• [About this exercise]
Omit the pictures and copy the entries exactly.

BEGIN Material shown

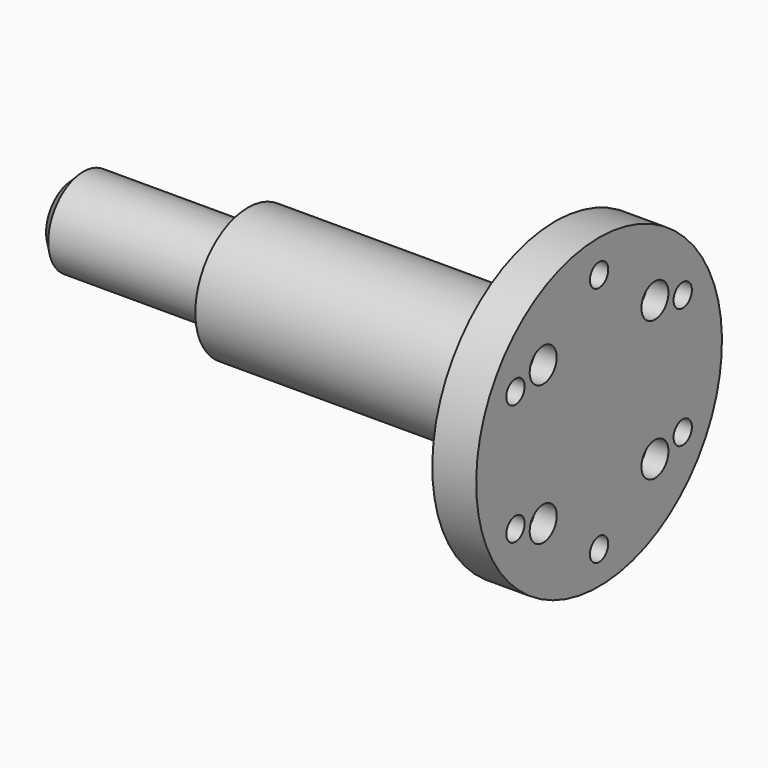
from build123d import *

# Parameters (mm, degrees)
F2_R             = 3.175
F3_R             = 3.175
F4_SIZE          = 3.175
F5_R             = 3.3147
F6_DEPTH         = 152.401
F6_COPIES_COUNT  = 6
F7_W             = 3.175
F7_H             = 3.175
F8_DEPTH         = 25.4
F9_R             = 4.8895
F10_DEPTH        = 152.401
F10_COPIES_COUNT = 4
F11_R            = 6.35
F12_DEPTH        = 6.35
F12_COPIES_COUNT = 4


# Not quite as in the source:
# - a pattern or mirror of a feature is missing from the dataset's text; its kind, count and spacing are read off the source's solid


with BuildPart() as f1:
    # F0 (on Front) → F1 (revolve)
    with BuildSketch(Plane.XZ):
        Polygon((0, 12.7), (0, 0), (152.4, 0), (152.4, 44.45), (139.7, 44.45), (139.7, 19.05), (50.8, 19.05), (50.8, 12.7), align=None)
    revolve(axis=Axis((76.2, 0, 0), (1, 0, 0)))

    # F2
    f2_edges = [f1.edges().sort_by_distance(p)[0] for p in [
        (50.8, 0, -12.7),
    ]]
    fillet(f2_edges, radius=F2_R)

    # F3
    f3_edges = [f1.edges().sort_by_distance(p)[0] for p in [
        (139.7, 0, -19.05),
    ]]
    fillet(f3_edges, radius=F3_R)

    # F4
    f4_edges = [f1.edges().sort_by_distance(p)[0] for p in [
        (0, 0, -12.7),
    ]]
    chamfer(f4_edges, length=F4_SIZE)

    # F5 (on face) → F6 (cut, through all)
    with BuildSketch(Plane.YZ.offset(152.4)):
        with Locations((0, -34.925)):
            Circle(F5_R)
    f6 = extrude(amount=-F6_DEPTH, mode=Mode.SUBTRACT)

    # F6_copies: F6 ×6 about axis
    f6_copies_axis = Axis((0, 0, 0), (1, 0, 0))
    for i in range(1, F6_COPIES_COUNT):
        add(f6.rotate(f6_copies_axis, i * 360 / F6_COPIES_COUNT), mode=Mode.SUBTRACT)

    # F7 (on face) → F8 (cut)
    with BuildSketch(Plane(origin=(50.8, 0, 0), x_dir=(0, -1, 0), z_dir=(-1, 0, 0))):
        with Locations((1.5875, -17.4625)):
            Rectangle(F7_W, F7_H)
        with Locations((-1.5875, -17.4625)):
            Rectangle(F7_W, F7_H)
    extrude(amount=-F8_DEPTH, mode=Mode.SUBTRACT)

    # F9 (on face) → F10 (cut, through all)
    with BuildSketch(Plane.YZ.offset(152.4)):
        with Locations((-20.2055762724, -20.2055762724)):
            Circle(F9_R)
    f10 = extrude(amount=-F10_DEPTH, mode=Mode.SUBTRACT)

    # F10_copies: F10 ×4 about axis
    f10_copies_axis = Axis((0, 0, 0), (1, 0, 0))
    for i in range(1, F10_COPIES_COUNT):
        add(f10.rotate(f10_copies_axis, i * 360 / F10_COPIES_COUNT), mode=Mode.SUBTRACT)

    # F11 (on face) → F12 (cut)
    with BuildSketch(Plane(origin=(139.7, 0, 0), x_dir=(0, -1, 0), z_dir=(-1, 0, 0))):
        with Locations((20.2055762724, -20.2055762724)):
            Circle(F11_R)
    f12 = extrude(amount=-F12_DEPTH, mode=Mode.SUBTRACT)

    # F12_copies: F12 ×4 about axis
    f12_copies_axis = Axis((0, 0, 0), (1, 0, 0))
    for i in range(1, F12_COPIES_COUNT):
        add(f12.rotate(f12_copies_axis, i * 360 / F12_COPIES_COUNT), mode=Mode.SUBTRACT)


solid = f1.part

END Material shown

• [Solved problem]
from build123d import *

# Parameters (mm, degrees)
F2_R             = 3.175
F3_R             = 3.175
F4_SIZE          = 3.175
F5_R             = 3.3147
F6_DEPTH         = 152.401
F6_COPIES_COUNT  = 6
F7_W             = 3.175
F7_H             = 3.175
F8_DEPTH         = 25.4
F9_R             = 4.8895
F10_DEPTH        = 152.401
F10_COPIES_COUNT = 4
F11_R            = 6.35
F12_DEPTH        = 6.35
F12_COPIES_COUNT = 4


# Not quite as in the source:
# - a pattern or mirror of a feature is missing from the dataset's text; its kind, count and spacing are read off the source's solid


with BuildPart() as f1:
    # F0 (on Front) → F1 (revolve)
    with BuildSketch(Plane.XZ):
        Polygon((0, 12.7), (0, 0), (152.4, 0), (152.4, 44.45), (139.7, 44.45), (139.7, 19.05), (50.8, 19.05), (50.8, 12.7), align=None)
    revolve(axis=Axis((76.2, 0, 0), (1, 0, 0)))

    # F2
    f2_edges = [f1.edges().sort_by_distance(p)[0] for p in [
        (50.8, 0, -12.7),
    ]]
    fillet(f2_edges, radius=F2_R)

    # F3
    f3_edges = [f1.edges().sort_by_distance(p)[0] for p in [
        (139.7, 0, -19.05),
    ]]
    fillet(f3_edges, radius=F3_R)

    # F4
    f4_edges = [f1.edges().sort_by_distance(p)[0] for p in [
        (0, 0, -12.7),
    ]]
    chamfer(f4_edges, length=F4_SIZE)

    # F5 (on face) → F6 (cut, through all)
    with BuildSketch(Plane.YZ.offset(152.4)):
        with Locations((0, -34.925)):
            Circle(F5_R)
    f6 = extrude(amount=-F6_DEPTH, mode=Mode.SUBTRACT)

    # F6_copies: F6 ×6 about axis
    f6_copies_axis = Axis((0, 0, 0), (1, 0, 0))
    for i in range(1, F6_COPIES_COUNT):
        add(f6.rotate(f6_copies_axis, i * 360 / F6_COPIES_COUNT), mode=Mode.SUBTRACT)

    # F7 (on face) → F8 (cut)
    with BuildSketch(Plane(origin=(50.8, 0, 0), x_dir=(0, -1, 0), z_dir=(-1, 0, 0))):
        with Locations((1.5875, -17.4625)):
            Rectangle(F7_W, F7_H)
        with Locations((-1.5875, -17.4625)):
            Rectangle(F7_W, F7_H)
    extrude(amount=-F8_DEPTH, mode=Mode.SUBTRACT)

    # F9 (on face) → F10 (cut, through all)
    with BuildSketch(Plane.YZ.offset(152.4)):
        with Locations((-20.2055762724, -20.2055762724)):
            Circle(F9_R)
    f10 = extrude(amount=-F10_DEPTH, mode=Mode.SUBTRACT)

    # F10_copies: F10 ×4 about axis
    f10_copies_axis = Axis((0, 0, 0), (1, 0, 0))
    for i in range(1, F10_COPIES_COUNT):
        add(f10.rotate(f10_copies_axis, i * 360 / F10_COPIES_COUNT), mode=Mode.SUBTRACT)

    # F11 (on face) → F12 (cut)
    with BuildSketch(Plane(origin=(139.7, 0, 0), x_dir=(0, -1, 0), z_dir=(-1, 0, 0))):
        with Locations((20.2055762724, -20.2055762724)):
            Circle(F11_R)
    f12 = extrude(amount=-F12_DEPTH, mode=Mode.SUBTRACT)

    # F12_copies: F12 ×4 about axis
    f12_copies_axis = Axis((0, 0, 0), (1, 0, 0))
    for i in range(1, F12_COPIES_COUNT):
        add(f12.rotate(f12_copies_axis, i * 360 / F12_COPIES_COUNT), mode=Mode.SUBTRACT)


solid = f1.part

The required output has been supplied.